Lots of people were climbing to the top and most of them chosen the eastern side. We chosen the western side to avoid crowd but it seems its longer than the other one. The whole landscape it was amazing and the sun beams were giving us wonderful colors making our photo cameras work hard. Negative part of it is that is so crowed that the whole charm of the place is some kind lost.
The Nemrut Dagi peak is among the most famous landmarks of the country. The massive marvel heads lying there were made by the king Antiochus A, the God – as he was claiming – which ruled the kingdom of Commagene. The story goes that the king ordered to make 3 massive plateaus (eastern, western, north) at the mount peak. Colossal statues of the king and the most main gods (coming from Greek and Persian mythology) of the kingdom were constructed at the same spot making the peak as a worship place. The place was accidentally discovered by a German engineer Carl Zester. Since then excavations from Americans, German and Turkish archeologist were conducted. In 1987 UNESCO included the place to its heritage sites.

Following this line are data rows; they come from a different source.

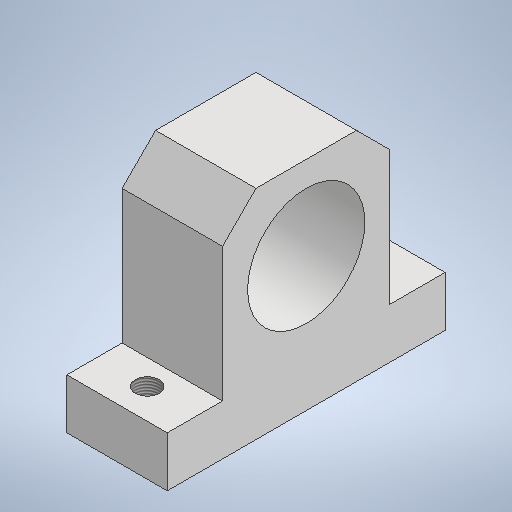
# Autodesk Inventor part: Pillow_block
Saved by Autodesk Inventor 2025.2 (Build 292293000, 293)
## iProperties
Created: 2025-02-20
Part Number: Pillow_block
Material: Generic
Document SubType Name: Modeling
Designer: Sergio Quintero
Density: 1 g/cm^3
Appearance: Default
Author: Sergio Quintero
Autodesk Inventor part; units mm, degrees
ref_plane "YZ Plane" through (0, 0, 0) normal (1, 0, 0) x (0, 1, 0)
ref_plane "XZ Plane" through (0, 0, 0) normal (0, 1, 0) x (-1, 0, 0)
ref_plane "XY Plane" through (0, 0, 0) normal (0, 0, 1) x (1, 0, 0)
sketch "Sketch1" plane through (0, 0, 0) normal (0, 1, 0) x (-1, 0, 0)
  line L0 (-15, -41.5) -> (15, -41.5)
  line L1 (15, -41.5) -> (15, 41.5)
  line L2 (15, 41.5) -> (-15, 41.5)
  line L3 (-15, 41.5) -> (-15, -41.5)
  line L4 (-15, -41.5) -> (15, 41.5) construction
  line L5 (15, -41.5) -> (-15, 41.5) construction
  point P0 (0, 0)
  dimension "d0" = 30
  dimension "d1" = 83
  constraints: 12 end point, 2 midpoint, 2 parallel, 1 horizontal, 1 perpendicular
  measures "d0" distance of L2.end L1.end
  measures "d1" distance of L1.end L0.end
extrude "Extrusion1" add sketch "Sketch1" along normal blind 15
sketch "Sketch2" plane through (0, 15, 0) normal (0, 1, 0) x (1, 0, 0)
  line L0 (-15, 41.5) -> (-15, -41.5) projected
  line L1 (15, 25) -> (-15, 25)
  line L2 (-15, 25) -> (-15, -25)
  line L3 (-15, -25) -> (15, -25)
  line L4 (15, -25) -> (15, 25)
  line L5 (15, 25) -> (-15, -25) construction
  line L6 (-15, 25) -> (15, -25) construction
  point P0 (0, 0)
  point P1 (-15, 25)
  dimension "d4" = 50
  constraints: 12 end point, 2 midpoint, 2 parallel, 1 horizontal, 1 perpendicular, 1 point on line
  measures "d4" distance of L2.end L1.end
extrude "Extrusion2" add sketch "Sketch2" along normal blind 50
chamfer "Chamfer1" distance 10 angle 45 2 edges at (0, 65, 25) (0, 65, -25)
sketch "Sketch3" plane through (0, 15, 0) normal (0, 1, 0) x (1, 0, 0)
  line L0 (-15, 41.5) -> (-15, 25) projected
  line L1 (15, 41.5) -> (-15, 41.5) projected
  point P0 (0, 0)
  point P1 (0, 32.5)
  point P2 (-15, 33.25)
  dimension "d10" = 15
  dimension "d11" = 9
  constraints: 1 midpoint
  measures "d10" horizontal distance of point (0, 32.5) point (-15, 33.25)
  measures "d11" distance from line of L1 point (0, 32.5)
hole "Hole1" at (0, 15, -32.5) direction (0, -1, 0) diameter 7.134 end through all thread size "M8x0.8" class "6H" standard "ISO Metric profile"
mirror "Mirror1" about plane through (0, 0, 0) normal (0, 0, 1) of "Hole1"
sketch "Sketch4" plane through (-15, 0, -41.5) normal (-1, 0, 0) x (0, 0, 1)
  circle A0 centre (41.5, 40) radius 17.5
  line L0 (26.5, 65) -> (56.5, 65) projected
  line L1 (66.5, 15) -> (66.5, 55) projected
  point P0 (41.5, 0)
  dimension "d19" = 35
  dimension "d20" = 25
  dimension "d21" = 25
  constraints: 1 centre point
  measures "d19" diameter of A0
  measures "d20" distance from line of A0.centre L0
  measures "d21" distance from line of A0.centre L1
extrude "Extrusion3" cut sketch "Sketch4" against normal blind 50
body "Solid1"
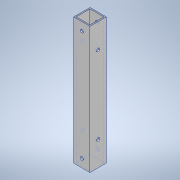
# Autodesk Inventor part: ロボットベース15x15_4
Saved by Autodesk Inventor 2020.3 (Build 243373000, 373)
## iProperties
Created: 2020-07-04
Part Number: ロボットベース15x15_4
Material: アルミニウム 6061
Document SubType Name: Modeling
Designer: totot
Density: 2.7 g/cm^3
Appearance: アルミニウム - フラット
Author: totot
Autodesk Inventor part; units mm, degrees
ref_plane "YZ Plane" through (0, 0, 0) normal (1, 0, 0) x (0, 1, 0)
ref_plane "XZ Plane" through (0, 0, 0) normal (0, 1, 0) x (-1, 0, 0)
ref_plane "XY Plane" through (0, 0, 0) normal (0, 0, 1) x (1, 0, 0)
sketch "スケッチ1" plane through (0, 0, 0) normal (0, 1, 0) x (-1, 0, 0)
  line L0 (0, 0) -> (-15, 0)
  line L1 (-15, 0) -> (-15, 15)
  line L2 (-15, 15) -> (0, 15)
  line L3 (0, 15) -> (0, 0)
  line L4 (-1.2, 13.8) -> (-13.8, 13.8)
  line L5 (-13.8, 13.8) -> (-13.8, 1.2)
  line L6 (-13.8, 1.2) -> (-1.2, 1.2)
  line L7 (-1.2, 1.2) -> (-1.2, 13.8)
  dimension "d0" = 15
  dimension "d1" = 15
  dimension "d2" = 1.2
  dimension "d3" = 1.2
  dimension "d4" = 1.2
  dimension "d5" = 1.2
  constraints: 16 end point, 4 parallel, 2 horizontal, 2 perpendicular
  measures "d0" distance of L1.end L2.end
  measures "d1" distance of L0.end L1.end
  measures "d2" distance between parallel lines of L2 L4
  measures "d3" distance between parallel lines of L0 L6
  measures "d4" distance between parallel lines of L7 L3
  measures "d5" distance between parallel lines of L1 L5
extrude "押し出し1" add sketch "スケッチ1" along normal blind 116
sketch "スケッチ2" plane through (0, 0, 15) normal (0, 0, 1) x (1, 0, 0)
  line L0 (0, 116) -> (15, 116) projected
  line L1 (0, 0) -> (15, 0) projected
  line L2 (15, 0) -> (15, 116) projected
  point P0 (7.5, 108.5)
  point P1 (7.5, 7.5)
  dimension "d8" = 7.5
  dimension "d9" = 7.5
  dimension "d10" = 7.5
  dimension "d11" = 7.5
  measures "d8" distance from line of point (7.5, 108.5) L0
  measures "d9" distance from line of L1 point (7.5, 7.5)
  measures "d10" distance from line of point (7.5, 108.5) L2
  measures "d11" distance from line of L2 point (7.5, 7.5)
hole "穴1" at (7.5, 108.5, 15) at (7.5, 7.5, 15) direction (0, 0, -1) diameter 3 end through all
sketch "スケッチ3" plane through (15, 0, 15) normal (1, 0, 0) x (0, 0, -1)
  line L0 (0, 0) -> (15, 0) projected
  line L1 (0, 0) -> (0, 116) projected
  line L2 (0, 116) -> (15, 116) projected
  point P0 (7.5, 22.5)
  point P1 (7.5, 93.5)
  dimension "d19" = 22.5
  dimension "d20" = 7.5
  dimension "d21" = 7.5
  dimension "d22" = 22.5
  measures "d19" distance from line of L0 point (7.5, 22.5)
  measures "d20" distance from line of L1 point (7.5, 22.5)
  measures "d21" distance from line of L1 point (7.5, 93.5)
  measures "d22" distance from line of point (7.5, 93.5) L2
hole "穴2" at (15, 22.5, 7.5) at (15, 93.5, 7.5) direction (-1, 0, 0) diameter 3 end through all
sketch "スケッチ4" plane through (15, 0, 0) normal (0, 0, -1) x (-1, 0, 0)
  line L0 (0, 116) -> (15, 116) projected
  line L1 (0, 0) -> (15, 0) projected
  line L2 (0, 0) -> (0, 116) projected
  point P0 (7.5, 58)
  dimension "d30" = 116
  dimension "d31" = 58
  dimension "d32" = 7.5
  measures "d30" distance between parallel lines of L0 L1
  measures "d31" distance from line of point (7.5, 58) L1
  measures "d32" distance from line of point (7.5, 58) L2
hole "穴3" at (7.5, 58, 0) direction (0, 0, 1) diameter 5 end through all
equation "\"d3\" = d2"
equation "\"d4\" = d2"
equation "\"d5\" = d2"
equation "\"d9\" = d8"
equation "\"d10\" = d8"
equation "\"d11\" = d9"
equation "\"d31\" = 0.5 * d30"

In the western and eastern plateau there are large statues of Antiochus among statues of the Persian Zeus (Ahura Mazda), Apollo (Mithras), Hercules and goddess Fortuna, the same in Greek mythology of goddess of Luck. These statues have Greek style of art and their clothes are of Persian/Armenian style. Next to the 5 statues are 2 other statues as guards and are illustrated as an eagle and lion. On the back side of the statues are small inscriptions in Greek with accurate instructions how to worship the king when alive and after his death. In the north plateau there are some columns which are not scarped and its believed that were meant for the ancestors of Antiochus A.
As the sun was hiding behind the mountains we started to descent from the place and towards our hotel where dinner was waiting us. Soon we are all on the table with the Japanese next to us. Food was including soup, green beans and chicken, delicious and filling. Relaxed after our meal we started chatting with the Japanese asking us about our journey to Georgia and Armenia which found them very exited about it. Poor German guy, he has long way to go with them and definitely he will suffer... Later on we asked them to write us in Japanese our clubs: Moto Riders club & Moto Adventures. Seemed to suffer a bit because there is not a direct translate as their letter/symbol means a word.
Later in the evening we are back in our rooms, tomorrows day is expected to be a hard one with lots of distance to cover until Cappadocia.